Nothing should be left out: output all of the entries exactly.

**THE DATA:**

::::::

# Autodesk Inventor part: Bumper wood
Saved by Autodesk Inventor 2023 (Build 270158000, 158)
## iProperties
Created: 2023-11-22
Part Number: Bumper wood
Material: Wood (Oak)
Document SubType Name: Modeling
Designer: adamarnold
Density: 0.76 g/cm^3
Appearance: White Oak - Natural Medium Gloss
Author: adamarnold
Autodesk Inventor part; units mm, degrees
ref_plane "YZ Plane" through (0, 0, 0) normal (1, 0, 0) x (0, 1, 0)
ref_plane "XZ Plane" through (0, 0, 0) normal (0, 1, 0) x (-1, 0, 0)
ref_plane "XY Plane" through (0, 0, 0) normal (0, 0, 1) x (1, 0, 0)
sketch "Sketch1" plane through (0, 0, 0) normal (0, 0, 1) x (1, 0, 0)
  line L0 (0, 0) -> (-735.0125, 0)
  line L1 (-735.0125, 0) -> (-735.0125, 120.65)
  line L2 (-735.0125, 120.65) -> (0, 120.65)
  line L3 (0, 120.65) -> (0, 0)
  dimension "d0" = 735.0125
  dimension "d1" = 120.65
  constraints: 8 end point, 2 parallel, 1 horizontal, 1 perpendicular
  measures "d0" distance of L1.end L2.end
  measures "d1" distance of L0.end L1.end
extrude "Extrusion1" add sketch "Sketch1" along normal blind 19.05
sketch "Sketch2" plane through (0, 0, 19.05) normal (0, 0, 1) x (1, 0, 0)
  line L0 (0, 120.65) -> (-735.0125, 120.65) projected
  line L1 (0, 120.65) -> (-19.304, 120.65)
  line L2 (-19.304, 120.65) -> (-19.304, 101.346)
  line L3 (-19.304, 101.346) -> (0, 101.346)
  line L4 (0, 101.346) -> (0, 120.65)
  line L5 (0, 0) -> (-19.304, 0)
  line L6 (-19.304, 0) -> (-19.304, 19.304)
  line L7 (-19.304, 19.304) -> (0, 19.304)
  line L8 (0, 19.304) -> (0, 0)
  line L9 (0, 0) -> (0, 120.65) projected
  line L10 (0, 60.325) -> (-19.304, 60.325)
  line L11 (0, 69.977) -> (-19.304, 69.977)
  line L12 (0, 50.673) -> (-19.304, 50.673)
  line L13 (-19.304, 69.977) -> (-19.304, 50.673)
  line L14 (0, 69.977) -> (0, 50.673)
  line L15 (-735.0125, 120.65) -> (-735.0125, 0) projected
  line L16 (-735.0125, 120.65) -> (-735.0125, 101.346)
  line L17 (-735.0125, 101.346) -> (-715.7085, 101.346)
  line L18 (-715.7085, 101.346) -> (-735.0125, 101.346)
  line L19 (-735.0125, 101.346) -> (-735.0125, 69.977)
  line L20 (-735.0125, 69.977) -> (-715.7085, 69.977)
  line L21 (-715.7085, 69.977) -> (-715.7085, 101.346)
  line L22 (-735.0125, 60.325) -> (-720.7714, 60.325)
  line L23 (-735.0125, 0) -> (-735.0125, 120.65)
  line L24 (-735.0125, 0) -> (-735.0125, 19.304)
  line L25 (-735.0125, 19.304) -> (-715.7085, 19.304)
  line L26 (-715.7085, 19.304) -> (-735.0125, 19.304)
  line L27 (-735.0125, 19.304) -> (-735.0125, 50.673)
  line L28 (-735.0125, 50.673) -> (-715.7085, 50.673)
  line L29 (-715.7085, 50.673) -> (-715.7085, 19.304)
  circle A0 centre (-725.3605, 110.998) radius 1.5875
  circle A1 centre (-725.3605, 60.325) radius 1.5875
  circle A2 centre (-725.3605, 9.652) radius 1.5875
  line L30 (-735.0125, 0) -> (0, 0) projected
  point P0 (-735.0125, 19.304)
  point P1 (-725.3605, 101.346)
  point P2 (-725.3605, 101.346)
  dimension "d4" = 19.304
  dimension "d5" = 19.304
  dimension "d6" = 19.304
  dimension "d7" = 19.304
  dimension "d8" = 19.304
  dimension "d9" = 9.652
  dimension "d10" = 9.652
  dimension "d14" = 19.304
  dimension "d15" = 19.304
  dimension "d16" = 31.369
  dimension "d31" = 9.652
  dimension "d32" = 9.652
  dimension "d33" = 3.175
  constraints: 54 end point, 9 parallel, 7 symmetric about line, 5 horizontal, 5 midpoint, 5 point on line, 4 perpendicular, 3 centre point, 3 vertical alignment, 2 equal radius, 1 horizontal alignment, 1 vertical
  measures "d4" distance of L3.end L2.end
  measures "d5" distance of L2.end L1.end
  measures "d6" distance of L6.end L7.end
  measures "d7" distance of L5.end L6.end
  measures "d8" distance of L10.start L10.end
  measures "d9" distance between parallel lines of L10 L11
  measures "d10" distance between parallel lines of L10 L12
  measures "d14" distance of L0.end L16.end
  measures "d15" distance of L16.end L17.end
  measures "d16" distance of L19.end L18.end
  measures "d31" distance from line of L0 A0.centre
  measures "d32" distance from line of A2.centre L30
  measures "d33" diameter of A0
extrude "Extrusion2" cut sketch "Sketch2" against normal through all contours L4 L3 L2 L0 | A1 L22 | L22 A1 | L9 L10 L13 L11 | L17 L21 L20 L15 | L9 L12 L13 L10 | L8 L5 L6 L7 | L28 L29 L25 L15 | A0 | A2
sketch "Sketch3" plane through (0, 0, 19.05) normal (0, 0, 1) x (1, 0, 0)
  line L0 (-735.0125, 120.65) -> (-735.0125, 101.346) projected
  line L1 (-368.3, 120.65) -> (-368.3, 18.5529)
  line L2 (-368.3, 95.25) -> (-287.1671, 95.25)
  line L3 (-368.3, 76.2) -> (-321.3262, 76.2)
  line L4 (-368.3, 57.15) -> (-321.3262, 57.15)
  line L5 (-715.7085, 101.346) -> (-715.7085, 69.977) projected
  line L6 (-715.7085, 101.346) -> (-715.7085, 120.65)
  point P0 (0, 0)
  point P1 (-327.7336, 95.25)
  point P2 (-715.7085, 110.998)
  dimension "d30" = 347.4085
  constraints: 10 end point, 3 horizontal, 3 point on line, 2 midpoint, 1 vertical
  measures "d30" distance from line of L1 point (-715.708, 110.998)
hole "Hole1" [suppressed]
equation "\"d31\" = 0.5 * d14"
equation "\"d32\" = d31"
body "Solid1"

::::::

**ANSWER BOX:**
# Autodesk Inventor part: Bumper wood
Saved by Autodesk Inventor 2023 (Build 270158000, 158)
## iProperties
Created: 2023-11-22
Part Number: Bumper wood
Material: Wood (Oak)
Document SubType Name: Modeling
Designer: adamarnold
Density: 0.76 g/cm^3
Appearance: White Oak - Natural Medium Gloss
Author: adamarnold
Autodesk Inventor part; units mm, degrees
ref_plane "YZ Plane" through (0, 0, 0) normal (1, 0, 0) x (0, 1, 0)
ref_plane "XZ Plane" through (0, 0, 0) normal (0, 1, 0) x (-1, 0, 0)
ref_plane "XY Plane" through (0, 0, 0) normal (0, 0, 1) x (1, 0, 0)
sketch "Sketch1" plane through (0, 0, 0) normal (0, 0, 1) x (1, 0, 0)
  line L0 (0, 0) -> (-735.0125, 0)
  line L1 (-735.0125, 0) -> (-735.0125, 120.65)
  line L2 (-735.0125, 120.65) -> (0, 120.65)
  line L3 (0, 120.65) -> (0, 0)
  dimension "d0" = 735.0125
  dimension "d1" = 120.65
  constraints: 8 end point, 2 parallel, 1 horizontal, 1 perpendicular
  measures "d0" distance of L1.end L2.end
  measures "d1" distance of L0.end L1.end
extrude "Extrusion1" add sketch "Sketch1" along normal blind 19.05
sketch "Sketch2" plane through (0, 0, 19.05) normal (0, 0, 1) x (1, 0, 0)
  line L0 (0, 120.65) -> (-735.0125, 120.65) projected
  line L1 (0, 120.65) -> (-19.304, 120.65)
  line L2 (-19.304, 120.65) -> (-19.304, 101.346)
  line L3 (-19.304, 101.346) -> (0, 101.346)
  line L4 (0, 101.346) -> (0, 120.65)
  line L5 (0, 0) -> (-19.304, 0)
  line L6 (-19.304, 0) -> (-19.304, 19.304)
  line L7 (-19.304, 19.304) -> (0, 19.304)
  line L8 (0, 19.304) -> (0, 0)
  line L9 (0, 0) -> (0, 120.65) projected
  line L10 (0, 60.325) -> (-19.304, 60.325)
  line L11 (0, 69.977) -> (-19.304, 69.977)
  line L12 (0, 50.673) -> (-19.304, 50.673)
  line L13 (-19.304, 69.977) -> (-19.304, 50.673)
  line L14 (0, 69.977) -> (0, 50.673)
  line L15 (-735.0125, 120.65) -> (-735.0125, 0) projected
  line L16 (-735.0125, 120.65) -> (-735.0125, 101.346)
  line L17 (-735.0125, 101.346) -> (-715.7085, 101.346)
  line L18 (-715.7085, 101.346) -> (-735.0125, 101.346)
  line L19 (-735.0125, 101.346) -> (-735.0125, 69.977)
  line L20 (-735.0125, 69.977) -> (-715.7085, 69.977)
  line L21 (-715.7085, 69.977) -> (-715.7085, 101.346)
  line L22 (-735.0125, 60.325) -> (-720.7714, 60.325)
  line L23 (-735.0125, 0) -> (-735.0125, 120.65)
  line L24 (-735.0125, 0) -> (-735.0125, 19.304)
  line L25 (-735.0125, 19.304) -> (-715.7085, 19.304)
  line L26 (-715.7085, 19.304) -> (-735.0125, 19.304)
  line L27 (-735.0125, 19.304) -> (-735.0125, 50.673)
  line L28 (-735.0125, 50.673) -> (-715.7085, 50.673)
  line L29 (-715.7085, 50.673) -> (-715.7085, 19.304)
  circle A0 centre (-725.3605, 110.998) radius 1.5875
  circle A1 centre (-725.3605, 60.325) radius 1.5875
  circle A2 centre (-725.3605, 9.652) radius 1.5875
  line L30 (-735.0125, 0) -> (0, 0) projected
  point P0 (-735.0125, 19.304)
  point P1 (-725.3605, 101.346)
  point P2 (-725.3605, 101.346)
  dimension "d4" = 19.304
  dimension "d5" = 19.304
  dimension "d6" = 19.304
  dimension "d7" = 19.304
  dimension "d8" = 19.304
  dimension "d9" = 9.652
  dimension "d10" = 9.652
  dimension "d14" = 19.304
  dimension "d15" = 19.304
  dimension "d16" = 31.369
  dimension "d31" = 9.652
  dimension "d32" = 9.652
  dimension "d33" = 3.175
  constraints: 54 end point, 9 parallel, 7 symmetric about line, 5 horizontal, 5 midpoint, 5 point on line, 4 perpendicular, 3 centre point, 3 vertical alignment, 2 equal radius, 1 horizontal alignment, 1 vertical
  measures "d4" distance of L3.end L2.end
  measures "d5" distance of L2.end L1.end
  measures "d6" distance of L6.end L7.end
  measures "d7" distance of L5.end L6.end
  measures "d8" distance of L10.start L10.end
  measures "d9" distance between parallel lines of L10 L11
  measures "d10" distance between parallel lines of L10 L12
  measures "d14" distance of L0.end L16.end
  measures "d15" distance of L16.end L17.end
  measures "d16" distance of L19.end L18.end
  measures "d31" distance from line of L0 A0.centre
  measures "d32" distance from line of A2.centre L30
  measures "d33" diameter of A0
extrude "Extrusion2" cut sketch "Sketch2" against normal through all contours L4 L3 L2 L0 | A1 L22 | L22 A1 | L9 L10 L13 L11 | L17 L21 L20 L15 | L9 L12 L13 L10 | L8 L5 L6 L7 | L28 L29 L25 L15 | A0 | A2
sketch "Sketch3" plane through (0, 0, 19.05) normal (0, 0, 1) x (1, 0, 0)
  line L0 (-735.0125, 120.65) -> (-735.0125, 101.346) projected
  line L1 (-368.3, 120.65) -> (-368.3, 18.5529)
  line L2 (-368.3, 95.25) -> (-287.1671, 95.25)
  line L3 (-368.3, 76.2) -> (-321.3262, 76.2)
  line L4 (-368.3, 57.15) -> (-321.3262, 57.15)
  line L5 (-715.7085, 101.346) -> (-715.7085, 69.977) projected
  line L6 (-715.7085, 101.346) -> (-715.7085, 120.65)
  point P0 (0, 0)
  point P1 (-327.7336, 95.25)
  point P2 (-715.7085, 110.998)
  dimension "d30" = 347.4085
  constraints: 10 end point, 3 horizontal, 3 point on line, 2 midpoint, 1 vertical
  measures "d30" distance from line of L1 point (-715.708, 110.998)
hole "Hole1" [suppressed]
equation "\"d31\" = 0.5 * d14"
equation "\"d32\" = d31"
body "Solid1"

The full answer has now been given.